Toward Sustainable Last-Mile Mobility: A Review of E-Rickshaw Feeder Systems and Hybrid Optimization Techniques
摘要
Rapid urbanization and increasing demand for sustainable transport have highlighted the critical need to strengthen last-mile connectivity within public transit systems. In India, e-rickshaws have emerged as a promising feeder mode owing to their cost-effectiveness, energy efficiency, and adaptability to diverse traffic conditions. However, optimizing their integration into existing transit systems remains challenging, particularly in terms of route planning and frequency setting. This systematic review investigates the current state of research on feeder system optimization, with a specific focus on the use of metaheuristic and fuzzy logic-based methods for enhancing e-rickshaw feeder networks. A total of 71 studies were selected through a comprehensive literature review spanning databases such as Google Scholar, Scopus, IEEE Xplore, and Web of Science. The selected studies were categorized thematically and analyzed for trends in methodology, geographical focus, and application. This review highlights the growing adoption of algorithms such as the genetic algorithm (GA), ant colony optimization (ACO), and hybrid approaches combining fuzzy logic to address multi-objective optimization challenges in feeder network design.
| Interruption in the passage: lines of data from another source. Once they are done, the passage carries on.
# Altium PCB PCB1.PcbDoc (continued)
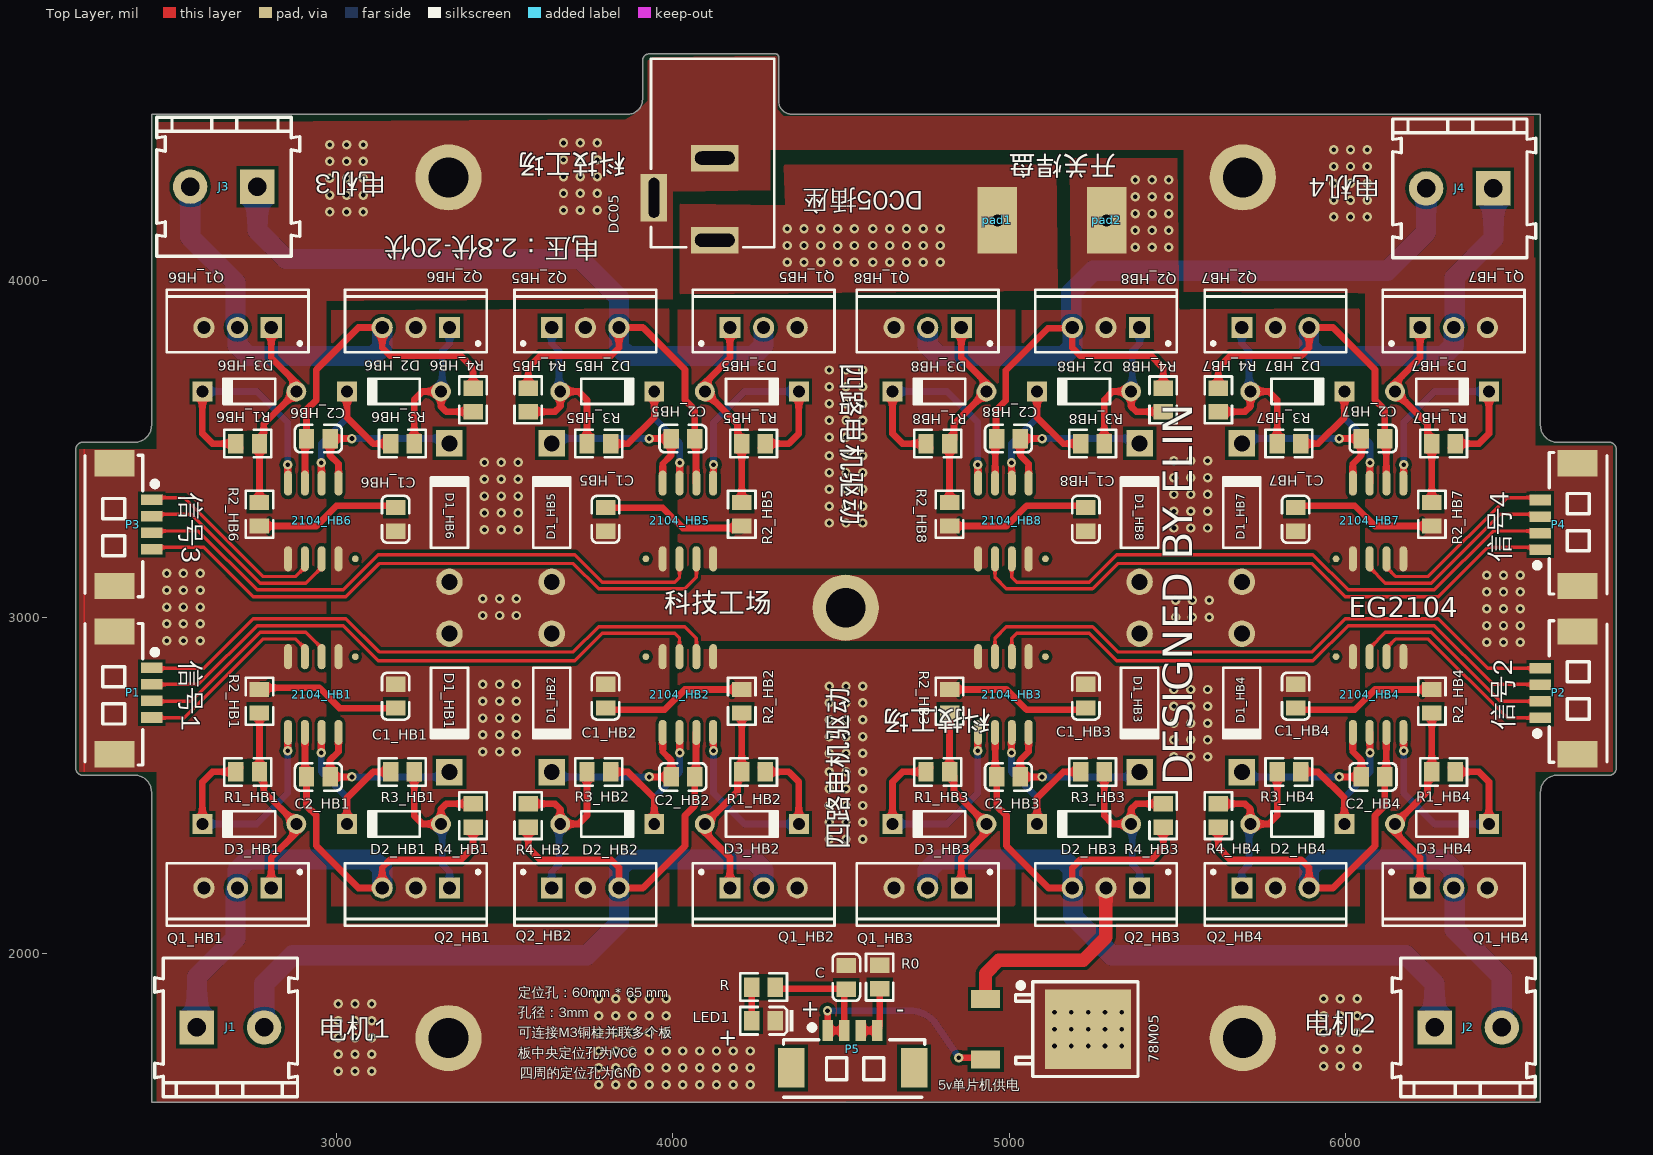
[diagram p0: Top Layer view]
## Nets (pads, with @x,y where several pads share a name; then routed paths per layer and width w, separated by ;. In a path a pad name is that pad's centre, name@x,y a point inside that pad or via, vN(x,y) a via of type N, cw(c..) or ccw(c..) an arc to the next point about the centre after c; other vN are vias at no path point)
+5: 78M05.3 C.1 P5.1 P5.2 R.1 | length 946.7
  Top Layer w20: R.1@4300.04,1895 C.1@4510,1895 ; v1(4460,1830) cw(c4458.46,1828.46) 4460.64,1828.46 P5.1 P5.2 4509.85,1878.71 cw(c4531.45,1878.71) C.1 ; v1(4850,1690) 78M05.3@4897.75,1690
  Bottom Layer w20: v1(4460,1830) 4703.58,1830 cw(c4703.58,1730) 4774.29,1800.71 ; 4775,1800 v1(4850,1690)
+12: DC05.1 pad1.1
  other v1: 4340,4055 4390,4055 4440,4055 4490,4055 4540,4055 4595,4055 4645,4055 4695,4055 4745,4055 4795,4055 4340,4105 4390,4105 4440,4105 4490,4105 4540,4105 4595,4105 4645,4105 4695,4105 4745,4105 4795,4105 4340,4155 4390,4155 4440,4155 4490,4155 4540,4155 4595,4155 4645,4155 4695,4155 4745,4155 4795,4155
GND: 78M05.4 2104_HB1.4 2104_HB2.4 2104_HB3.4 2104_HB4.4 2104_HB5.4 2104_HB6.4 2104_HB7.4 2104_HB8.4 C1_HB1.1 C1_HB2.1 C1_HB3.1 C1_HB4.1 C1_HB5.1 C1_HB6.1 C1_HB7.1 C1_HB8.1 C.2 DC05.2 DC05.3 LED1.2 P1.0 P2.0 P3.0 P4.0 pad.15 pad.16 pad.17 pad.18 Q1_HB1.3 Q1_HB2.3 Q1_HB3.3 Q1_HB4.3 Q1_HB5.3 Q1_HB6.3 Q1_HB7.3 Q1_HB8.3 R0.1 R2_HB1.2 R2_HB2.2 R2_HB3.2 R2_HB4.2 R2_HB5.2 R2_HB6.2 R2_HB7.2 R2_HB8.2 | length 3402.1
  Top Layer w20: R2_HB6.2 2940.17,3270.96 3000.25,3331.44 C1_HB6.1@3170.04,3332 ; R2_HB1.2@2780,2790 2949.17,2790 3009.25,2729.52 C1_HB1.1@3179.04,2728.96 ; C1_HB5.1 3969.79,3325.48 4029.87,3265 4199.04,3265 R2_HB5.2 ; C1_HB2.1@3805.96,2724 3975.75,2724.56 4035.83,2785.04 R2_HB2.2 ; R2_HB3.2 4992.17,2785.04 5052.25,2724.56 C1_HB3.1@5222.04,2724 ; R2_HB8.2 4992.17,3270.96 5052.25,3331.44 C1_HB8.1@5222.04,3332 ; C1_HB4.1@5857.96,2724 6027.75,2724.56 6087.83,2785.04 R2_HB4.2 ; C1_HB7.1@5857.96,3332 6027.75,3331.44 6087.83,3270.96 R2_HB7.2
  other v1: 3780,1610 3830,1610 3880,1610 3930,1610 3980,1610 4030,1610 4080,1610 4130,1610 4180,1610 4230,1610 3005,1650 3055,1650 3105,1650 3780,1660 3830,1660 3880,1660 3930,1660 3980,1660 4030,1660 4080,1660 4130,1660 4180,1660 4230,1660 5935,1665 5985,1665 6035,1665 3005,1700 3055,1700 3105,1700 3780,1710 3830,1710 3880,1710 3930,1710 3980,1710 4030,1710 4080,1710 4130,1710 4180,1710 4230,1710 5935,1715 5985,1715 6035,1715 5135,1725 5185,1725 5235,1725 5285,1725 5335,1725 3005,1750 3055,1750 3105,1750 3780,1765 3830,1765 3880,1765 3930,1765 3980,1765 5935,1765 5985,1765 6035,1765 5135,1775 5185,1775 5235,1775 5285,1775 5335,1775 3005,1800 3055,1800 3105,1800 3780,1815 3830,1815 3880,1815 3930,1815 3980,1815 5935,1815 5985,1815 6035,1815 5135,1825 5185,1825 5235,1825 5285,1825 5335,1825 3005,1850 3055,1850 3105,1850 3780,1865 3830,1865 3880,1865 3930,1865 3980,1865 5935,1865 5985,1865 6035,1865 4465,2340 4515,2340 4565,2340 4465,2390 4515,2390 4565,2390 4465,2440 4515,2440 4565,2440 4465,2490 4515,2490 4565,2490 4465,2540 4515,2540 4565,2540 4465,2595 4515,2595 4565,2595 4465,2645 4515,2645 4565,2645 4465,2695 4515,2695 4565,2695 4465,2745 4515,2745 4565,2745 4465,2795 4515,2795 4565,2795 6420,2925 6470,2925 6520,2925 2495,2930 2545,2930 2595,2930 6420,2975 6470,2975 6520,2975 2495,2980 2545,2980 2595,2980 6420,3025 6470,3025 6520,3025 2495,3030 2545,3030 2595,3030 6420,3075 6470,3075 6520,3075 2495,3080 2545,3080 2595,3080 6420,3125 6470,3125 6520,3125 2495,3130 2545,3130 2595,3130 4465,3280 4515,3280 4565,3280 4465,3330 4515,3330 4565,3330 4465,3380 4515,3380 4565,3380 4465,3430 4515,3430 4565,3430 4465,3480 4515,3480 4565,3480 4465,3535 4515,3535 4565,3535 4465,3585 4515,3585 4565,3585 4465,3635 4515,3635 4565,3635 4465,3685 4515,3685 4565,3685 4465,3735 4515,3735 4565,3735 5965,4190 6015,4190 6065,4190 2980,4205 3030,4205 3080,4205 3675,4210 3725,4210 3775,4210 5965,4240 6015,4240 6065,4240 2980,4255 3030,4255 3080,4255 3675,4260 3725,4260 3775,4260 5965,4290 6015,4290 6065,4290 2980,4305 3030,4305 3080,4305 3675,4310 3725,4310 3775,4310 5965,4340 6015,4340 6065,4340 2980,4355 3030,4355 3080,4355 3675,4360 3725,4360 3775,4360 5965,4390 6015,4390 6065,4390 2980,4405 3030,4405 3080,4405 3675,4410 3725,4410 3775,4410
MT1: 2104_HB1.6 C2_HB1.1 J1.1 Q1_HB1.2 Q2_HB1.3 R4_HB1.1 | length 2044.1
  Top Layer w20: 2104_HB1.6 2906.69,2656.79 2906.69,2529.27 C2_HB1.1 2910.96,2439.04 2940,2410 2940,2320 3065,2195 Q2_HB1.3 3136,2255 3159,2278 3369.28,2278 3406,2314.72 R4_HB1.1
  Bottom Layer w20: Q1_HB1.2@2700,2189 Q1_HB1.2
  Bottom Layer w60: J1.1 2585,1930 2700,2045 Q1_HB1.2@2700,2189 ; Q1_HB1.2 2706,2248 2737,2279 3110,2279 3136,2253 Q2_HB1.3
MT2: 2104_HB2.6 C2_HB2.1 J1.2 Q1_HB2.2 Q2_HB2.3 R4_HB2.1 | length 2943.5
  Top Layer w20: R4_HB2.1 3570,2314.72 3606.72,2278 3817,2278 3840,2255 Q2_HB2.3 3911,2195 4036,2320 4036,2410 4065.04,2439.04 C2_HB2.1 4069.31,2529.27 4069.31,2656.79 2104_HB2.6
  Bottom Layer w60: J1.2 2785,1910 2870,1995 3745,1995 3840,2090 Q2_HB2.3 3840,2253 3866,2279 4239,2279 4270,2248 Q1_HB2.2
MT3: 2104_HB3.6 C2_HB3.1 J2.1 Q1_HB3.2 Q2_HB3.3 R4_HB3.1 | length 2931.8
  Top Layer w20: 2104_HB3.6 4958.69,2656.79 4958.69,2529.27 C2_HB3.1 4962.96,2439.04 4992,2410 4992,2320 5117,2195 Q2_HB3.3 5188,2255 5211,2278 5421.28,2278 5458,2314.72 R4_HB3.1
  Bottom Layer w60: Q1_HB3.2 4758,2248 4789,2279 5162,2279 5188,2253 Q2_HB3.3 ; Q2_HB3.3@5190,2175 5190,2110 5305,1995 6180,1995 6265,1910 J2.1
MT4: 2104_HB4.6 C2_HB4.1 J2.2 Q1_HB4.2 Q2_HB4.3 R4_HB4.1 | length 2045.9
  Top Layer w20: R4_HB4.1 5622,2314.72 5658.72,2278 5869,2278 5892,2255 Q2_HB4.3 5963,2195 6088,2320 6088,2410 6117.04,2439.04 C2_HB4.1 6121.31,2529.27 6121.31,2656.79 2104_HB4.6
  Bottom Layer w60: Q2_HB4.3 5892,2253 5918,2279 6291,2279 6322,2248 Q1_HB4.2 ; Q1_HB4.2@6325,2189 6325,2070 6465,1930 J2.2
MT5: 2104_HB5.6 C2_HB5.1 J3.1 Q1_HB5.2 Q2_HB5.3 R4_HB5.1 | length 2931.8
  Top Layer w20: R4_HB5.1 3570,3741.28 3606.72,3778 3817,3778 3840,3801 Q2_HB5.3 3911,3861 4036,3736 4036,3646 4065.04,3616.96 C2_HB5.1 4069.31,3526.73 4069.31,3399.21 2104_HB5.6
  Bottom Layer w60: J3.1 2765,4150 2850,4065 3725,4065 3840,3950 Q2_HB5.3@3840,3885 ; Q2_HB5.3 3840,3803 3866,3777 4239,3777 4270,3808 Q1_HB5.2
MT6: 2104_HB6.6 C2_HB6.1 J3.2 Q1_HB6.2 Q2_HB6.3 R4_HB6.1 | length 2056.3
  Top Layer w20: 2104_HB6.6 2906.69,3399.21 2906.69,3526.73 C2_HB6.1 2910.96,3616.96 2940,3646 2940,3736 3065,3861 Q2_HB6.3 3136,3801 3159,3778 3369.28,3778 3406,3741.28 R4_HB6.1
  Bottom Layer w60: J3.2 2565,4130 2700,3995 2700,3867 Q1_HB6.2 2706,3808 2737,3777 3110,3777 3136,3803 Q2_HB6.3
MT7: 2104_HB7.6 C2_HB7.1 J4.1 Q1_HB7.2 Q2_HB7.3 R4_HB7.1 | length 2035.6
  Top Layer w20: R4_HB7.1 5622,3741.28 5658.72,3778 5869,3778 5892,3801 Q2_HB7.3 5963,3861 6088,3736 6088,3646 6117.04,3616.96 C2_HB7.1 6121.31,3526.73 6121.31,3399.21 2104_HB7.6
  Bottom Layer w60: Q2_HB7.3 5892,3803 5918,3777 6291,3777 6322,3808 Q1_HB7.2 ; Q1_HB7.2@6325,3866 6325,4010 6440,4125 J4.1
MT8: 2104_HB8.6 C2_HB8.1 J4.2 Q1_HB8.2 Q2_HB8.3 R4_HB8.1 | length 2943.5
  Top Layer w20: 2104_HB8.6 4958.69,3399.21 4958.69,3526.73 C2_HB8.1@4960.83,3528.87 ; C2_HB8.1 C2_HB8.1@4960.83,3528.87 ; Q2_HB8.3@5185.87,3858.87 5114.87,3858.87 4989.87,3733.87 4989.87,3643.87 4960.83,3614.83 C2_HB8.1@4960.83,3528.87 ; Q2_HB8.3 5188,3801 5211,3778 5421.28,3778 5458,3741.28 R4_HB8.1
  Bottom Layer w60: Q1_HB8.2 4758,3808 4789,3777 5162,3777 5188,3803 Q2_HB8.3 ; Q2_HB8.3@5185,3860 5185,3965 5250,4030 6125,4030 6240,4145 J4.2
Net2104_HB1_5: 2104_HB1.5 D3_HB1.2 R1_HB1.1 | length 728.2
  Top Layer w20: D3_HB1.2 2601.24,2510.24 2631,2540 R1_HB1.1 R1_HB1.1@2713.8,2552.83 ; v1(2855,2603) 2855,2656.48 2104_HB1.5
  Bottom Layer w20: D3_HB1.2 2763,2385 2855,2477 v1(2855,2603)
Net2104_HB1_7: 2104_HB1.7 D2_HB1.2 R3_HB1.1 | length 561.7
  Top Layer w20: v1(2955,2597) 2955,2656.48 2104_HB1.7 ; D2_HB1.2 3031.24,2462.15 3109.08,2540 R3_HB1.1 R3_HB1.1@3148.13,2527.17
  Bottom Layer w20: v1(2955,2597) 2955,2540 3031.24,2463.76 D2_HB1.2
Net2104_HB1_8: 2104_HB1.8 C2_HB1.2 D1_HB1.2 | length 503.6
  Top Layer w20: 2104_HB1.8 3006,2599.92 2981.04,2574.96 C2_HB1.2 v1(3046,2525)
  Bottom Layer w20: v1(3046,2525) 3321.91,2525 D1_HB1.2
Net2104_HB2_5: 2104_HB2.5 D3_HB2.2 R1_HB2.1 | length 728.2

The findings emphasize that hybrid methods particularly the integration of GA and fuzzy logic can effectively manage real-world uncertainties while optimizing service coverage and operational efficiency. Moreover, the socioeconomic and environmental advantages of e-rickshaws make them an ideal feeder solution for urban India. This study contributes a holistic perspective to feeder system planning, supporting the development of intelligent, inclusive, and sustainable multimodal transportation frameworks in rapidly growing cities.